# Apache2 problem

## Dreamchild

I'm new to Apache2, so please bear with me.

After emerging Apache and setting it all up, I tried:

/etc/init.d/apache2 start

But was only met by this error:

[crit] (92)Protocol not available: make_sock: for address [::]:8080, apr_socket_opt_set: (IPV6_V6ONLY)

no listening sockets available, shutting down

Unable to open logs

I looked on the web for this but the only sites I found relate this problem to the Windows distro of Apache.

Can anyone help?

----------

## adaptr

8080 is hardly the standard port for a webserver - though it should work if you want it to.

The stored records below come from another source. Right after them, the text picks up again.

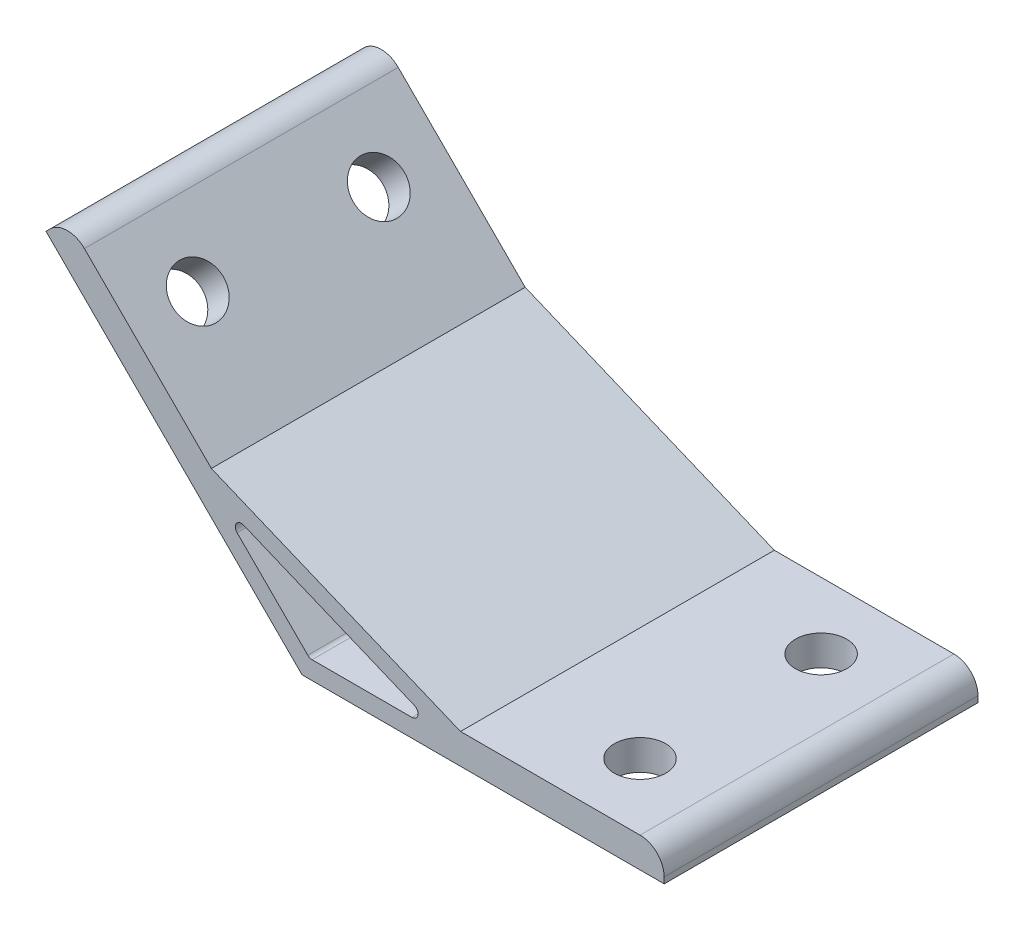
ISO-10303-21;
HEADER;
FILE_DESCRIPTION(('STEP AP214'),'2;1');
FILE_NAME('part.step','',(''),(''),'','','');
FILE_SCHEMA(('AUTOMOTIVE_DESIGN { 1 0 10303 214 1 1 1 1 }'));
ENDSEC;
DATA;
#1=APPLICATION_CONTEXT('core data for automotive mechanical design processes');
#2=APPLICATION_PROTOCOL_DEFINITION('international standard','automotive_design',2000,#1);
#3=PRODUCT_CONTEXT('',#1,'mechanical');
#4=PRODUCT('Part','Part','',(#3));
#5=PRODUCT_RELATED_PRODUCT_CATEGORY('part','',(#4));
#6=PRODUCT_DEFINITION_FORMATION('','',#4);
#7=PRODUCT_DEFINITION_CONTEXT('part definition',#1,'design');
#8=PRODUCT_DEFINITION('design','',#6,#7);
#9=PRODUCT_DEFINITION_SHAPE('','',#8);
#10=(LENGTH_UNIT() NAMED_UNIT(*) SI_UNIT(.MILLI.,.METRE.));
#11=(NAMED_UNIT(*) PLANE_ANGLE_UNIT() SI_UNIT($,.RADIAN.));
#12=(NAMED_UNIT(*) SI_UNIT($,.STERADIAN.) SOLID_ANGLE_UNIT());
#13=UNCERTAINTY_MEASURE_WITH_UNIT(LENGTH_MEASURE(1.E-05),#10,'distance_accuracy_value','');
#14=(GEOMETRIC_REPRESENTATION_CONTEXT(3) GLOBAL_UNCERTAINTY_ASSIGNED_CONTEXT((#13)) GLOBAL_UNIT_ASSIGNED_CONTEXT((#10,
#11,#12)) REPRESENTATION_CONTEXT('',''));
#15=CARTESIAN_POINT('',(0.,0.,0.));
#16=DIRECTION('',(0.,0.,1.));
#17=DIRECTION('',(1.,0.,0.));
#18=AXIS2_PLACEMENT_3D('',#15,#16,#17);
#19=CARTESIAN_POINT('',(0.,0.,26.));
#20=DIRECTION('',(0.,0.,1.));
#21=DIRECTION('',(1.,0.,0.));
#22=AXIS2_PLACEMENT_3D('',#19,#20,#21);
#23=PLANE('',#22);
#24=DIRECTION('',(0.,1.,0.));
#25=VECTOR('',#24,1.);
#26=CARTESIAN_POINT('',(60.,5.,26.));
#27=LINE('',#26,#25);
#28=CARTESIAN_POINT('',(60.,0.,26.));
#29=VERTEX_POINT('',#28);
#30=CARTESIAN_POINT('',(60.,1.,26.));
#31=VERTEX_POINT('',#30);
#32=EDGE_CURVE('E142',#29,#31,#27,.T.);
#33=ORIENTED_EDGE('',*,*,#32,.T.);
#34=CARTESIAN_POINT('',(56.,1.,26.));
#35=DIRECTION('',(0.,0.,1.));
#36=DIRECTION('',(1.,0.,0.));
#37=AXIS2_PLACEMENT_3D('',#34,#35,#36);
#38=CIRCLE('',#37,4.);
#39=CARTESIAN_POINT('',(56.,5.,26.));
#40=VERTEX_POINT('',#39);
#41=EDGE_CURVE('E184',#31,#40,#38,.T.);
#42=ORIENTED_EDGE('',*,*,#41,.T.);
#43=DIRECTION('',(-1.,0.,0.));
#44=VECTOR('',#43,1.);
#45=CARTESIAN_POINT('',(26.2535913516314,5.,26.));
#46=LINE('',#45,#44);
#47=CARTESIAN_POINT('',(26.2535913516314,5.,26.));
#48=VERTEX_POINT('',#47);
#49=EDGE_CURVE('E153',#40,#48,#46,.T.);
#50=ORIENTED_EDGE('',*,*,#49,.T.);
#51=DIRECTION('',(-0.923879532511286,0.382683432365091,0.));
#52=VECTOR('',#51,1.);
#53=CARTESIAN_POINT('',(-15.0285585693063,22.0996263811718,26.));
#54=LINE('',#53,#52);
#55=CARTESIAN_POINT('',(-15.0285585693063,22.0996263811718,26.));
#56=VERTEX_POINT('',#55);
#57=EDGE_CURVE('E244',#48,#56,#54,.T.);
#58=ORIENTED_EDGE('',*,*,#57,.T.);
#59=DIRECTION('',(-0.707106781186549,0.707106781186547,0.));
#60=VECTOR('',#59,1.);
#61=CARTESIAN_POINT('',(-38.8908729652601,45.9619407771256,26.));
#62=LINE('',#61,#60);
#63=CARTESIAN_POINT('',(-36.0624458405139,43.1335136523794,26.));
#64=VERTEX_POINT('',#63);
#65=EDGE_CURVE('E246',#56,#64,#62,.T.);
#66=ORIENTED_EDGE('',*,*,#65,.T.);
#67=CARTESIAN_POINT('',(-38.8908729652601,40.3050865276332,26.));
#68=DIRECTION('',(0.,0.,1.));
#69=DIRECTION('',(1.,0.,0.));
#70=AXIS2_PLACEMENT_3D('',#67,#68,#69);
#71=CIRCLE('',#70,4.);
#72=CARTESIAN_POINT('',(-41.7193000900063,43.1335136523794,26.));
#73=VERTEX_POINT('',#72);
#74=EDGE_CURVE('E182',#64,#73,#71,.T.);
#75=ORIENTED_EDGE('',*,*,#74,.T.);
#76=DIRECTION('',(-0.707106781186547,-0.707106781186548,0.));
#77=VECTOR('',#76,1.);
#78=CARTESIAN_POINT('',(-42.4264068711928,42.4264068711929,26.));
#79=LINE('',#78,#77);
#80=CARTESIAN_POINT('',(-42.4264068711928,42.4264068711929,26.));
#81=VERTEX_POINT('',#80);
#82=EDGE_CURVE('E249',#73,#81,#79,.T.);
#83=ORIENTED_EDGE('',*,*,#82,.T.);
#84=DIRECTION('',(0.707106781186546,-0.707106781186549,0.));
#85=VECTOR('',#84,1.);
#86=CARTESIAN_POINT('',(0.,0.,26.));
#87=LINE('',#86,#85);
#88=CARTESIAN_POINT('',(0.,0.,26.));
#89=VERTEX_POINT('',#88);
#90=EDGE_CURVE('E158',#81,#89,#87,.T.);
#91=ORIENTED_EDGE('',*,*,#90,.T.);
#92=DIRECTION('',(1.,0.,0.));
#93=VECTOR('',#92,1.);
#94=CARTESIAN_POINT('',(60.,0.,26.));
#95=LINE('',#94,#93);
#96=EDGE_CURVE('E154',#89,#29,#95,.T.);
#97=ORIENTED_EDGE('',*,*,#96,.T.);
#98=EDGE_LOOP('',(#33,#42,#50,#58,#66,#75,#83,#91,#97));
#99=FACE_BOUND('',#98,.T.);
#100=DIRECTION('',(1.,0.,0.));
#101=VECTOR('',#100,1.);
#102=CARTESIAN_POINT('',(23.2426406871193,3.,26.));
#103=LINE('',#102,#101);
#104=CARTESIAN_POINT('',(1.65685424949239,3.,26.));
#105=VERTEX_POINT('',#104);
#106=CARTESIAN_POINT('',(18.2153011949934,3.,26.));
#107=VERTEX_POINT('',#106);
#108=EDGE_CURVE('E229',#105,#107,#103,.T.);
#109=ORIENTED_EDGE('',*,*,#108,.F.);
#110=CARTESIAN_POINT('',(1.65685424949239,4.,26.));
#111=DIRECTION('',(0.,0.,1.));
#112=DIRECTION('',(1.,0.,0.));
#113=AXIS2_PLACEMENT_3D('',#110,#111,#112);
#114=CIRCLE('',#113,1.);
#115=CARTESIAN_POINT('',(0.949747468305838,3.29289321881345,26.));
#116=VERTEX_POINT('',#115);
#117=EDGE_CURVE('E211',#105,#116,#114,.F.);
#118=ORIENTED_EDGE('',*,*,#117,.T.);
#119=DIRECTION('',(0.707106781186546,-0.707106781186549,0.));
#120=VECTOR('',#119,1.);
#121=CARTESIAN_POINT('',(1.24264068711929,3.,26.));
#122=LINE('',#121,#120);
#123=CARTESIAN_POINT('',(-10.7588426527756,15.001483339895,26.));
#124=VERTEX_POINT('',#123);
#125=EDGE_CURVE('E226',#124,#116,#122,.T.);
#126=ORIENTED_EDGE('',*,*,#125,.F.);
#127=CARTESIAN_POINT('',(-10.0517358715891,15.7085901210815,26.));
#128=DIRECTION('',(0.,0.,1.));
#129=DIRECTION('',(1.,0.,0.));
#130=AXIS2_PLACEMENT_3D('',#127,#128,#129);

Have you looked at the output of

```
netstat -ltp
```

?

If there's something already running there then obviously apache can't bind to the port.

Squid comes to mind.

Apart from that - "after setting everything up" is not really informative.

What did you set up?

How did you configure it ?

----------

## gorshing

 *Quote:*   

> Unable to open logs

 

What user are you trying to run this as?

That also looks like a permissions problem ... among other things.

----------

## JoeS

I'm having exactly the same error  (except port 80, not 8080) after upgrading apache2 ( emerge -uD world).  Netstat indictes that port 80 is available.

----------

## bulent

I have got the same problem. tried out different ports as well. Nothing changed. apache didn't like any port.

----------

## MacAI

I have the same problem looking for a solution for hrs now.

ermerged apache with:   emerge apache mod_php

USE says -ipv6

hosts doesn't have any ipv6 addresses in it (actually:

127.0.0.1       localhost

192.168.0.88    mysystem

)

starting apache with:  /etc/init.d/apache2 start

as root

didn't mess too much with the conf-files, means: didn't change anything in there which could cause this problem (imho!!!!)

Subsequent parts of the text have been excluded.